O jornalismo é a atividade intelectual que nos alerta para o novo, para o que desponta na vida social, econômica, cultural, comportamental das sociedades.
O jornalismo não é necessário para avisar que estourou um cano na rua — mas, sim, para ajudar a refletir sobre o abastecimento de água nas cidades que afeta milhões de pessoas: que represas construir, que sistemas de adução, que políticas de uso racional da água.
Nós não precisamos do jornalismo somente para contar que há um novo incêndio na Amazônia. Isso pode ser feito por alguém que esteja próximo e grave, num celular, um vídeo a respeito. Porém, ele é necessário para investigar por quais razões multiplicam-se os incêndios. De que forma a Amazônia está sendo ocupada. A partir de que interesses. Com que ramificações no Parlamento, na Justiça, no sistema financeiro, nas corporações internacionais? E, mais importante, o jornalismo é essencial para reunir informações necessárias à mudança. Que políticas específicas podem coibir o desmatamento? Como oferecer a dezenas de milhões de pessoas que vivem na Amazônia ocupações dignas, relacionadas à manutenção da floresta em pé? Quais seriam estas ocupações? Como promovê-las?
São somente dois exemplos, mas que mostram que a busca destas explicações mais profundas e destas alternativas não pode ser limitada a postagens nas redes sociais. Ela exige pessoas formadas para examinar os problemas, pesquisar, entrevistar, comparar com outros exemplos em outros países. E depois, contar o que apuraram, de maneira clara e, preferivelmente, elegante e atraente. Este é o papel indispensável do jornalismo.

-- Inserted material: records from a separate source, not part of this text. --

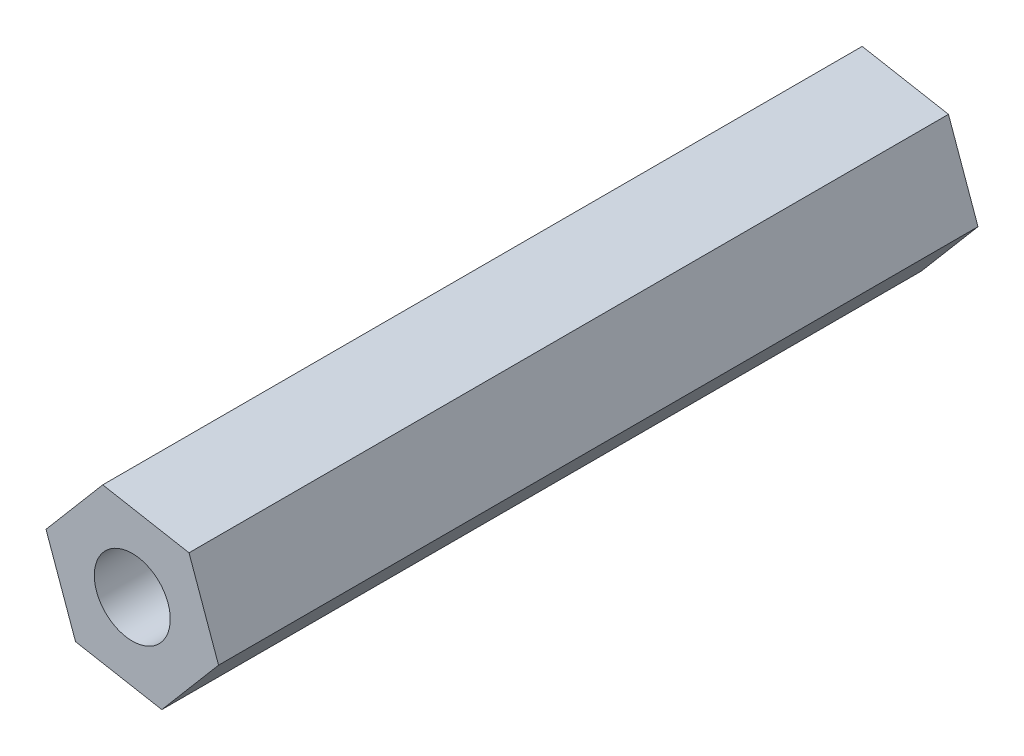
ISO-10303-21;
HEADER;
FILE_DESCRIPTION(('STEP AP214'),'2;1');
FILE_NAME('part.step','',(''),(''),'','','');
FILE_SCHEMA(('AUTOMOTIVE_DESIGN { 1 0 10303 214 1 1 1 1 }'));
ENDSEC;
DATA;
#1=APPLICATION_CONTEXT('core data for automotive mechanical design processes');
#2=APPLICATION_PROTOCOL_DEFINITION('international standard','automotive_design',2000,#1);
#3=PRODUCT_CONTEXT('',#1,'mechanical');
#4=PRODUCT('Part','Part','',(#3));
#5=PRODUCT_RELATED_PRODUCT_CATEGORY('part','',(#4));
#6=PRODUCT_DEFINITION_FORMATION('','',#4);
#7=PRODUCT_DEFINITION_CONTEXT('part definition',#1,'design');
#8=PRODUCT_DEFINITION('design','',#6,#7);
#9=PRODUCT_DEFINITION_SHAPE('','',#8);
#10=(LENGTH_UNIT() NAMED_UNIT(*) SI_UNIT(.MILLI.,.METRE.));
#11=(NAMED_UNIT(*) PLANE_ANGLE_UNIT() SI_UNIT($,.RADIAN.));
#12=(NAMED_UNIT(*) SI_UNIT($,.STERADIAN.) SOLID_ANGLE_UNIT());
#13=UNCERTAINTY_MEASURE_WITH_UNIT(LENGTH_MEASURE(1.E-05),#10,'distance_accuracy_value','');
#14=(GEOMETRIC_REPRESENTATION_CONTEXT(3) GLOBAL_UNCERTAINTY_ASSIGNED_CONTEXT((#13)) GLOBAL_UNIT_ASSIGNED_CONTEXT((#10,
#11,#12)) REPRESENTATION_CONTEXT('',''));
#15=CARTESIAN_POINT('',(0.,0.,0.));
#16=DIRECTION('',(0.,0.,1.));
#17=DIRECTION('',(1.,0.,0.));
#18=AXIS2_PLACEMENT_3D('',#15,#16,#17);
#19=CARTESIAN_POINT('',(14.100105118259,-7.40552271774973,30.));
#20=DIRECTION('',(-0.941553473498977,-0.336863557753005,0.));
#21=DIRECTION('',(0.336863557753005,-0.941553473498977,0.));
#22=AXIS2_PLACEMENT_3D('',#19,#20,#21);
#23=PLANE('',#22);
#24=DIRECTION('',(-0.336863557753005,0.941553473498977,0.));
#25=VECTOR('',#24,1.);
#26=CARTESIAN_POINT('',(14.100105118259,-7.40552271774973,0.));
#27=LINE('',#26,#25);
#28=CARTESIAN_POINT('',(14.100105118259,-7.40552271774973,0.));
#29=VERTEX_POINT('',#28);
#30=CARTESIAN_POINT('',(12.9331755237658,-4.14388580946336,0.));
#31=VERTEX_POINT('',#30);
#32=EDGE_CURVE('E116',#29,#31,#27,.T.);
#33=ORIENTED_EDGE('',*,*,#32,.T.);
#34=DIRECTION('',(0.,0.,-1.));
#35=VECTOR('',#34,1.);
#36=CARTESIAN_POINT('',(12.9331755237658,-4.14388580946336,30.));
#37=LINE('',#36,#35);
#38=CARTESIAN_POINT('',(12.9331755237658,-4.14388580946336,30.));
#39=VERTEX_POINT('',#38);
#40=EDGE_CURVE('E11',#39,#31,#37,.T.);
#41=ORIENTED_EDGE('',*,*,#40,.F.);
#42=DIRECTION('',(-0.336863557753005,0.941553473498977,0.));
#43=VECTOR('',#42,1.);
#44=CARTESIAN_POINT('',(14.100105118259,-7.40552271774973,30.));
#45=LINE('',#44,#43);
#46=CARTESIAN_POINT('',(14.100105118259,-7.40552271774973,30.));
#47=VERTEX_POINT('',#46);
#48=EDGE_CURVE('E127',#47,#39,#45,.T.);
#49=ORIENTED_EDGE('',*,*,#48,.F.);
#50=DIRECTION('',(0.,0.,-1.));
#51=VECTOR('',#50,1.);
#52=CARTESIAN_POINT('',(14.100105118259,-7.40552271774973,30.));
#53=LINE('',#52,#51);
#54=EDGE_CURVE('E112',#47,#29,#53,.T.);
#55=ORIENTED_EDGE('',*,*,#54,.T.);
#56=EDGE_LOOP('',(#33,#41,#49,#55));
#57=FACE_BOUND('',#56,.T.);
#58=ADVANCED_FACE('F32',(#57),#23,.F.);
#59=CARTESIAN_POINT('',(12.9331755237658,-4.14388580946336,30.));
#60=DIRECTION('',(-0.17904433812618,-0.983841005948094,0.));
#61=DIRECTION('',(0.983841005948094,-0.17904433812618,0.));
#62=AXIS2_PLACEMENT_3D('',#59,#60,#61);
#63=PLANE('',#62);
#64=DIRECTION('',(-0.983841005948094,0.17904433812618,0.));
#65=VECTOR('',#64,1.);
#66=CARTESIAN_POINT('',(12.9331755237658,-4.14388580946336,0.));
#67=LINE('',#66,#65);
#68=CARTESIAN_POINT('',(9.52505030602222,-3.52365802857919,0.));
#69=VERTEX_POINT('',#68);
#70=EDGE_CURVE('E119',#31,#69,#67,.T.);
#71=ORIENTED_EDGE('',*,*,#70,.T.);
#72=DIRECTION('',(0.,0.,-1.));
#73=VECTOR('',#72,1.);
#74=CARTESIAN_POINT('',(9.52505030602222,-3.52365802857919,30.));
#75=LINE('',#74,#73);
#76=CARTESIAN_POINT('',(9.52505030602222,-3.52365802857919,30.));
#77=VERTEX_POINT('',#76);
#78=EDGE_CURVE('E40',#77,#69,#75,.T.);
#79=ORIENTED_EDGE('',*,*,#78,.F.);
#80=DIRECTION('',(-0.983841005948094,0.17904433812618,0.));
#81=VECTOR('',#80,1.);
#82=CARTESIAN_POINT('',(12.9331755237658,-4.14388580946336,30.));
#83=LINE('',#82,#81);
#84=EDGE_CURVE('E85',#39,#77,#83,.T.);
#85=ORIENTED_EDGE('',*,*,#84,.F.);
#86=ORIENTED_EDGE('',*,*,#40,.T.);
#87=EDGE_LOOP('',(#71,#79,#85,#86));
#88=FACE_BOUND('',#87,.T.);
#89=ADVANCED_FACE('F152',(#88),#63,.F.);
#90=CARTESIAN_POINT('',(9.52505030602222,-3.52365802857919,30.));
#91=DIRECTION('',(0.762509135372797,-0.64697744819509,0.));
#92=DIRECTION('',(0.64697744819509,0.762509135372797,0.));
#93=AXIS2_PLACEMENT_3D('',#90,#91,#92);
#94=PLANE('',#93);
#95=DIRECTION('',(-0.64697744819509,-0.762509135372797,0.));
#96=VECTOR('',#95,1.);
#97=CARTESIAN_POINT('',(9.52505030602222,-3.52365802857919,0.));
#98=LINE('',#97,#96);
#99=CARTESIAN_POINT('',(7.28385468277191,-6.16506715598138,0.));
#100=VERTEX_POINT('',#99);
#101=EDGE_CURVE('E122',#69,#100,#98,.T.);
#102=ORIENTED_EDGE('',*,*,#101,.T.);
#103=DIRECTION('',(0.,0.,-1.));
#104=VECTOR('',#103,1.);
#105=CARTESIAN_POINT('',(7.28385468277191,-6.16506715598138,30.));
#106=LINE('',#105,#104);
#107=CARTESIAN_POINT('',(7.28385468277191,-6.16506715598138,30.));
#108=VERTEX_POINT('',#107);
#109=EDGE_CURVE('E107',#108,#100,#106,.T.);
#110=ORIENTED_EDGE('',*,*,#109,.F.);
#111=DIRECTION('',(-0.64697744819509,-0.762509135372797,0.));
#112=VECTOR('',#111,1.);
#113=CARTESIAN_POINT('',(9.52505030602222,-3.52365802857919,30.));
#114=LINE('',#113,#112);
#115=EDGE_CURVE('E98',#77,#108,#114,.T.);
#116=ORIENTED_EDGE('',*,*,#115,.F.);
#117=ORIENTED_EDGE('',*,*,#78,.T.);
#118=EDGE_LOOP('',(#102,#110,#116,#117));
#119=FACE_BOUND('',#118,.T.);
#120=ADVANCED_FACE('F133',(#119),#94,.F.);
#121=CARTESIAN_POINT('',(7.28385468277191,-6.16506715598138,30.));
#122=DIRECTION('',(0.941553473498977,0.336863557753005,0.));
#123=DIRECTION('',(-0.336863557753005,0.941553473498977,0.));
#124=AXIS2_PLACEMENT_3D('',#121,#122,#123);
#125=PLANE('',#124);
#126=DIRECTION('',(0.336863557753005,-0.941553473498977,0.));
#127=VECTOR('',#126,1.);
#128=CARTESIAN_POINT('',(7.28385468277191,-6.16506715598138,0.));
#129=LINE('',#128,#127);
#130=CARTESIAN_POINT('',(8.45078427726515,-9.42670406426776,0.));
#131=VERTEX_POINT('',#130);
#132=EDGE_CURVE('E106',#100,#131,#129,.T.);
#133=ORIENTED_EDGE('',*,*,#132,.T.);
#134=DIRECTION('',(0.,0.,-1.));
#135=VECTOR('',#134,1.);
#136=CARTESIAN_POINT('',(8.45078427726515,-9.42670406426776,30.));
#137=LINE('',#136,#135);
#138=CARTESIAN_POINT('',(8.45078427726515,-9.42670406426776,30.));
#139=VERTEX_POINT('',#138);
#140=EDGE_CURVE('E103',#139,#131,#137,.T.);
#141=ORIENTED_EDGE('',*,*,#140,.F.);
#142=DIRECTION('',(0.336863557753005,-0.941553473498977,0.));
#143=VECTOR('',#142,1.);
#144=CARTESIAN_POINT('',(7.28385468277191,-6.16506715598138,30.));
#145=LINE('',#144,#143);
#146=EDGE_CURVE('E92',#108,#139,#145,.T.);
#147=ORIENTED_EDGE('',*,*,#146,.F.);
#148=ORIENTED_EDGE('',*,*,#109,.T.);
#149=EDGE_LOOP('',(#133,#141,#147,#148));
#150=FACE_BOUND('',#149,.T.);
#151=ADVANCED_FACE('F104',(#150),#125,.F.);
#152=CARTESIAN_POINT('',(8.45078427726515,-9.42670406426776,30.));
#153=DIRECTION('',(0.17904433812618,0.983841005948094,0.));
#154=DIRECTION('',(-0.983841005948094,0.17904433812618,0.));
#155=AXIS2_PLACEMENT_3D('',#152,#153,#154);
#156=PLANE('',#155);
#157=DIRECTION('',(0.983841005948094,-0.17904433812618,0.));
#158=VECTOR('',#157,1.);
#159=CARTESIAN_POINT('',(8.45078427726515,-9.42670406426776,0.));
#160=LINE('',#159,#158);
#161=CARTESIAN_POINT('',(11.8589094950087,-10.0469318451519,0.));
#162=VERTEX_POINT('',#161);
#163=EDGE_CURVE('E71',#131,#162,#160,.T.);
#164=ORIENTED_EDGE('',*,*,#163,.T.);
#165=DIRECTION('',(0.,0.,-1.));
#166=VECTOR('',#165,1.);
#167=CARTESIAN_POINT('',(11.8589094950087,-10.0469318451519,30.));
#168=LINE('',#167,#166);
#169=CARTESIAN_POINT('',(11.8589094950087,-10.0469318451519,30.));
#170=VERTEX_POINT('',#169);
#171=EDGE_CURVE('E108',#170,#162,#168,.T.);
#172=ORIENTED_EDGE('',*,*,#171,.F.);
#173=DIRECTION('',(0.983841005948094,-0.17904433812618,0.));
#174=VECTOR('',#173,1.);
#175=CARTESIAN_POINT('',(8.45078427726515,-9.42670406426776,30.));
#176=LINE('',#175,#174);
#177=EDGE_CURVE('E96',#139,#170,#176,.T.);
#178=ORIENTED_EDGE('',*,*,#177,.F.);
#179=ORIENTED_EDGE('',*,*,#140,.T.);
#180=EDGE_LOOP('',(#164,#172,#178,#179));
#181=FACE_BOUND('',#180,.T.);
#182=ADVANCED_FACE('F110',(#181),#156,.F.);
#183=CARTESIAN_POINT('',(11.8589094950087,-10.0469318451519,30.));
#184=DIRECTION('',(-0.762509135372797,0.64697744819509,0.));
#185=DIRECTION('',(-0.64697744819509,-0.762509135372797,0.));
#186=AXIS2_PLACEMENT_3D('',#183,#184,#185);
#187=PLANE('',#186);
#188=DIRECTION('',(0.64697744819509,0.762509135372797,0.));
#189=VECTOR('',#188,1.);
#190=CARTESIAN_POINT('',(11.8589094950087,-10.0469318451519,0.));
#191=LINE('',#190,#189);
#192=EDGE_CURVE('E77',#162,#29,#191,.T.);
#193=ORIENTED_EDGE('',*,*,#192,.T.);
#194=ORIENTED_EDGE('',*,*,#54,.F.);
#195=DIRECTION('',(0.64697744819509,0.762509135372797,0.));
#196=VECTOR('',#195,1.);
#197=CARTESIAN_POINT('',(11.8589094950087,-10.0469318451519,30.));
#198=LINE('',#197,#196);
#199=EDGE_CURVE('E48',#170,#47,#198,.T.);
#200=ORIENTED_EDGE('',*,*,#199,.F.);
#201=ORIENTED_EDGE('',*,*,#171,.T.);
#202=EDGE_LOOP('',(#193,#194,#200,#201));
#203=FACE_BOUND('',#202,.T.);
#204=ADVANCED_FACE('F140',(#203),#187,.F.);
#205=CARTESIAN_POINT('',(0.,0.,30.));
#206=DIRECTION('',(0.,0.,1.));
#207=DIRECTION('',(1.,0.,0.));
#208=AXIS2_PLACEMENT_3D('',#205,#206,#207);
#209=PLANE('',#208);
#210=CARTESIAN_POINT('',(10.6919799005155,-6.78529493686556,30.));
#211=DIRECTION('',(0.,0.,1.));
#212=DIRECTION('',(1.,0.,0.));
#213=AXIS2_PLACEMENT_3D('',#210,#211,#212);
#214=CIRCLE('',#213,1.5);
#215=CARTESIAN_POINT('',(12.1919799005155,-6.78529493686556,30.));
#216=VERTEX_POINT('',#215);
#217=EDGE_CURVE('E120',#216,#216,#214,.T.);
#218=ORIENTED_EDGE('',*,*,#217,.F.);
#219=EDGE_LOOP('',(#218));
#220=FACE_BOUND('',#219,.T.);
#221=ORIENTED_EDGE('',*,*,#48,.T.);
#222=ORIENTED_EDGE('',*,*,#84,.T.);
#223=ORIENTED_EDGE('',*,*,#115,.T.);
#224=ORIENTED_EDGE('',*,*,#146,.T.);
#225=ORIENTED_EDGE('',*,*,#177,.T.);
#226=ORIENTED_EDGE('',*,*,#199,.T.);
#227=EDGE_LOOP('',(#221,#222,#223,#224,#225,#226));
#228=FACE_BOUND('',#227,.T.);
#229=ADVANCED_FACE('F94',(#220,#228),#209,.T.);
#230=CARTESIAN_POINT('',(0.,0.,0.));
#231=DIRECTION('',(0.,0.,1.));
#232=DIRECTION('',(1.,0.,0.));
#233=AXIS2_PLACEMENT_3D('',#230,#231,#232);
#234=PLANE('',#233);
#235=CARTESIAN_POINT('',(10.6919799005155,-6.78529493686556,0.));
#236=DIRECTION('',(0.,0.,-1.));
#237=DIRECTION('',(-1.,0.,0.));
#238=AXIS2_PLACEMENT_3D('',#235,#236,#237);
#239=CIRCLE('',#238,1.5);
#240=CARTESIAN_POINT('',(9.19197990051546,-6.78529493686556,0.));
#241=VERTEX_POINT('',#240);
#242=EDGE_CURVE('E207',#241,#241,#239,.T.);
#243=ORIENTED_EDGE('',*,*,#242,.F.);
#244=EDGE_LOOP('',(#243));
#245=FACE_BOUND('',#244,.T.);
#246=ORIENTED_EDGE('',*,*,#32,.F.);
#247=ORIENTED_EDGE('',*,*,#192,.F.);
#248=ORIENTED_EDGE('',*,*,#163,.F.);
#249=ORIENTED_EDGE('',*,*,#132,.F.);
#250=ORIENTED_EDGE('',*,*,#101,.F.);
#251=ORIENTED_EDGE('',*,*,#70,.F.);
#252=EDGE_LOOP('',(#246,#247,#248,#249,#250,#251));
#253=FACE_BOUND('',#252,.T.);
#254=ADVANCED_FACE('F136',(#245,#253),#234,.F.);
#255=CARTESIAN_POINT('',(10.6919799005155,-6.78529493686556,40.));
#256=DIRECTION('',(0.,0.,-1.));
#257=DIRECTION('',(-1.,0.,0.));
#258=AXIS2_PLACEMENT_3D('',#255,#256,#257);
#259=CYLINDRICAL_SURFACE('',#258,1.5);
#260=ORIENTED_EDGE('',*,*,#217,.T.);
#261=EDGE_LOOP('',(#260));
#262=FACE_BOUND('',#261,.T.);
#263=ORIENTED_EDGE('',*,*,#242,.T.);
#264=EDGE_LOOP('',(#263));
#265=FACE_BOUND('',#264,.T.);
#266=ADVANCED_FACE('F189',(#262,#265),#259,.F.);
#267=CLOSED_SHELL('',(#58,#89,#120,#151,#182,#204,#229,#254,#266));
#268=MANIFOLD_SOLID_BREP('B2',#267);
#269=ADVANCED_BREP_SHAPE_REPRESENTATION('',(#18,#268),#14);
#270=SHAPE_DEFINITION_REPRESENTATION(#9,#269);
ENDSEC;
END-ISO-10303-21;

Nos últimos meses, a pequena equipe do Pontão examinou diversas alternativas, inclusive as que já estão em curso. Vamos apresentá-las no encontro em São Paulo. Em face da crise, há iniciativas de jornalismo independente buscando apoio no financiamento coletivo — como faz o Outras Palavras, por exemplo. Outras focam no apoio de fundações. Outras, ainda, buscam monetizar-se em plataformas como o Youtube. Tudo isso são alternativas diante da crise.
Examinaremos uma possibilidade, em especial: o financiamento público do jornalismo, por meio de mecanismos que mantenham a sua independência e ampliem a chamada diversidade midiática. Isso significa que a atividade jornalística, devido à sua importância e ao fracasso do antigo modelo, precisa ser mantida pela sociedade. Uma parte da riqueza coletiva deve ser direcionada para esta ação — assim como a sociedade destina recursos muito maiores para o SUS e a Educação Pública, por exemplo. A tributação das receitas ou dos lucros das big techs é um caminho. Há exemplos embrionários de ações nesse sentido em diversas partes do mundo.
O horizonte de financiamento público permitiria desconcentrar a produção jornalística. Beneficiaria, por exemplo, coletivos de jornalistas interessados em examinar a vida social de uma cidade, cumprindo o papel que os antigos jornais locais exerciam. Ou coletivos que se proponham a examinar temas cruciais: a construção de cidades para todos, ou os rumos da inteligência artificial, por exemplo.
Evidentemente, há riscos — e nós vamos examiná-los também. O principal deles é: como evitar o “chapa-branquismo”, a vinculação aos interesses do governo de plantão. É um desafio real e há respostas muito possíveis para isso, como os sistemas de mediação. Pense, por exemplo, que nas verbas públicas que financiam as universidades — mas o ministro da Educação, ou o governador do Estado, não têm interferência nos currículos, ou nos concursos que selecionam os professores.
Vivemos uma crise civilizatória profunda. O velho mundo parece ruir diante de nós e não temos certeza de para onde iremos. É um tempo de angústias. As saídas não cairão do céu, nem virão, provavelmente, a partir das instituições. Elas estão rendidas, entregues ao velho, incapazes de imaginar o futuro. É preciso ação consciente a partir das sociedades, em torno de múltiplos temas.